Exercise materials section start

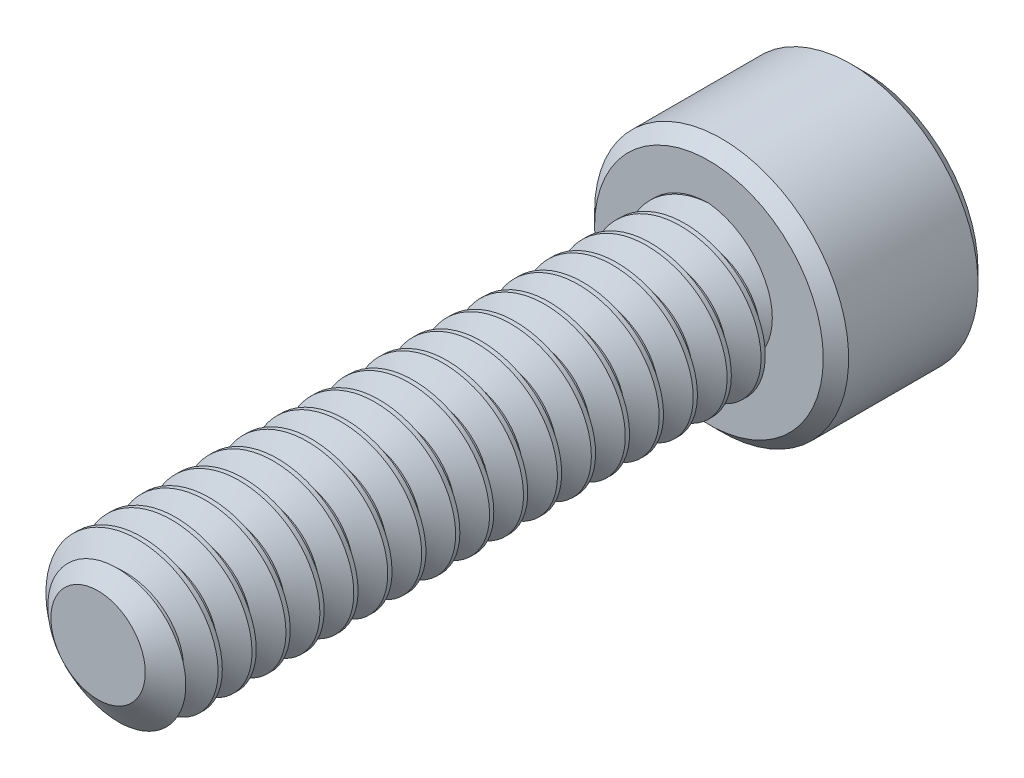
from build123d import *

# Parameters (mm, degrees)
SKETCH1_R          = 2.413
EXTRUDE1_DEPTH     = 19.05
CUT_SWEEP1_PITCH   = 1.058333333
SKETCH6_R          = 3.9624
EXTRUDE2_DEPTH     = 4.826
CUT_EXTRUDE1_DEPTH = 2.9765625
CHAMFER1_SIZE      = 0.39624


with BuildPart() as part:
    # Sketch1 → Extrude1 (new body)
    with BuildSketch(Plane.XY):
        Circle(SKETCH1_R)
    extrude(amount=-EXTRUDE1_DEPTH)

    # Cut-Sweep1: the profile of Sketch3 profile screwed along a right-hand helix of 19 turns, 6 arcs to a turn; built about Z, then put on its axis
    cut_sweep1_z = Axis((0, 0, 0), (0, 0, 1))
    cut_sweep1_corners = [(2.4133, 0, -0.926214872), (1.725592336, 0, -0.529166667), (1.725592336, 0, -0.396875), (2.4133, 0, 0.000173205)]
    with BuildLine(mode=Mode.PRIVATE) as cut_sweep1_profile:
        Line(cut_sweep1_corners[0], cut_sweep1_corners[1])
        Line(cut_sweep1_corners[1], cut_sweep1_corners[2])
        Line(cut_sweep1_corners[2], cut_sweep1_corners[3])
        Line(cut_sweep1_corners[3], cut_sweep1_corners[0])
    cut_sweep1_cap = Face(cut_sweep1_profile.wire())
    cut_sweep1_turn_angles = [0, 30, 60, 90, 120, 150, 180, 210, 240, 270, 300, 330, 360]
    cut_sweep1_turn_weights = [1, 0.8660254037844387, 1, 0.8660254037844387, 1, 0.8660254037844387, 1, 0.8660254037844387, 1, 0.8660254037844387, 1, 0.8660254037844387, 1]
    cut_sweep1_turn_rails = [Edge.make_bspline([Vector(p[0], p[1], 0).rotate(cut_sweep1_z, cut_sweep1_turn_angles[k]) / cut_sweep1_turn_weights[k] + Vector(0, 0, p[2] + CUT_SWEEP1_PITCH * cut_sweep1_turn_angles[k] / 360) for k in range(13)], [0, 0, 0, 1, 1, 2, 2, 3, 3, 4, 4, 5, 5, 6, 6, 6], 2, cut_sweep1_turn_weights) for p in cut_sweep1_corners]
    cut_sweep1_turn_sides = [Face.make_surface_from_curves(cut_sweep1_turn_rails[p[0]], cut_sweep1_turn_rails[p[1]]) for p in [(0, 1), (1, 2), (2, 3), (3, 0)]]
    cut_sweep1 = Plane(origin=(0, 0, 0), x_dir=(0, 1, 0), z_dir=(0, 0, -1)) * Solid(Shell([*[p.moved(Location((0, 0, CUT_SWEEP1_PITCH * i))) for i in range(19) for p in cut_sweep1_turn_sides], cut_sweep1_cap, cut_sweep1_cap.rotate(cut_sweep1_z, 6840).moved(Location((0, 0, CUT_SWEEP1_PITCH * 6840 / 360)))]))
    add(cut_sweep1, mode=Mode.SUBTRACT)

    # Sketch4 → Cut-Revolve1 (revolve, cut)
    with BuildSketch(Plane(origin=(0, 0, 0), x_dir=(0, 0, -1), z_dir=(1, 0, 0)), mode=Mode.PRIVATE) as cut_revolve1_sk:
        Polygon((0.659180743, 2.413), (0, 1.471592336), (0, 2.413), align=None)
    revolve(cut_revolve1_sk.sketch.rotate(Axis((0, 0, 0), (0, 0, -1)), 240.547545651), axis=Axis((0, 0, 0), (0, 0, -1)), mode=Mode.SUBTRACT)

    # Sketch6 → Extrude2 (add)
    with BuildSketch(Plane(origin=(0, 0, -19.05), x_dir=(-1, 0, 0), z_dir=(0, 0, -1))):
        Circle(SKETCH6_R)
    extrude(amount=EXTRUDE2_DEPTH)

    # Sketch7 → Cut-Extrude1 (cut)
    with BuildSketch(Plane(origin=(0, 0, -23.876), x_dir=(-1, 0, 0), z_dir=(0, 0, -1))):
        Polygon((0, 2.291358881), (-1.984375, 1.14567944), (-1.984375, -1.14567944), (0, -2.291358881), (1.984375, -1.14567944), (1.984375, 1.14567944), align=None)
    extrude(amount=-CUT_EXTRUDE1_DEPTH, mode=Mode.SUBTRACT)

    # Cut-Extrude2 cone 1 section (through the dimple's axis) → Cut-Extrude2 (revolve, cut)
    with BuildSketch(Plane(origin=(0, 0, -23.876), x_dir=(0, 1, 0), z_dir=(1, 0, 0))):
        Polygon((0, 0), (2.291358881, 0), (0, 2.291358881), align=None)
    revolve(axis=Axis((0, 0, -23.876), (0, 0, 1)), mode=Mode.SUBTRACT)

    # Chamfer1
    chamfer1_edges = [part.edges().sort_by_distance(p)[0] for p in [
        (3.9624, 0, -19.05),
        (3.9624, 0, -23.876),
    ]]
    chamfer(chamfer1_edges, length=CHAMFER1_SIZE)


solid = part.part

Exercise materials section end

__Exercise__
Any pictures are to be skipped, and the lines from the beginning of the entries through the line with "2), (2, 3), (3, 0)]]" copied exactly.

__Answer below__
from build123d import *

# Parameters (mm, degrees)
SKETCH1_R          = 2.413
EXTRUDE1_DEPTH     = 19.05
CUT_SWEEP1_PITCH   = 1.058333333
SKETCH6_R          = 3.9624
EXTRUDE2_DEPTH     = 4.826
CUT_EXTRUDE1_DEPTH = 2.9765625
CHAMFER1_SIZE      = 0.39624


with BuildPart() as part:
    # Sketch1 → Extrude1 (new body)
    with BuildSketch(Plane.XY):
        Circle(SKETCH1_R)
    extrude(amount=-EXTRUDE1_DEPTH)

    # Cut-Sweep1: the profile of Sketch3 profile screwed along a right-hand helix of 19 turns, 6 arcs to a turn; built about Z, then put on its axis
    cut_sweep1_z = Axis((0, 0, 0), (0, 0, 1))
    cut_sweep1_corners = [(2.4133, 0, -0.926214872), (1.725592336, 0, -0.529166667), (1.725592336, 0, -0.396875), (2.4133, 0, 0.000173205)]
    with BuildLine(mode=Mode.PRIVATE) as cut_sweep1_profile:
        Line(cut_sweep1_corners[0], cut_sweep1_corners[1])
        Line(cut_sweep1_corners[1], cut_sweep1_corners[2])
        Line(cut_sweep1_corners[2], cut_sweep1_corners[3])
        Line(cut_sweep1_corners[3], cut_sweep1_corners[0])
    cut_sweep1_cap = Face(cut_sweep1_profile.wire())
    cut_sweep1_turn_angles = [0, 30, 60, 90, 120, 150, 180, 210, 240, 270, 300, 330, 360]
    cut_sweep1_turn_weights = [1, 0.8660254037844387, 1, 0.8660254037844387, 1, 0.8660254037844387, 1, 0.8660254037844387, 1, 0.8660254037844387, 1, 0.8660254037844387, 1]
    cut_sweep1_turn_rails = [Edge.make_bspline([Vector(p[0], p[1], 0).rotate(cut_sweep1_z, cut_sweep1_turn_angles[k]) / cut_sweep1_turn_weights[k] + Vector(0, 0, p[2] + CUT_SWEEP1_PITCH * cut_sweep1_turn_angles[k] / 360) for k in range(13)], [0, 0, 0, 1, 1, 2, 2, 3, 3, 4, 4, 5, 5, 6, 6, 6], 2, cut_sweep1_turn_weights) for p in cut_sweep1_corners]
    cut_sweep1_turn_sides = [Face.make_surface_from_curves(cut_sweep1_turn_rails[p[0]], cut_sweep1_turn_rails[p[1]]) for p in [(0, 1), (1, 2), (2, 3), (3, 0)]]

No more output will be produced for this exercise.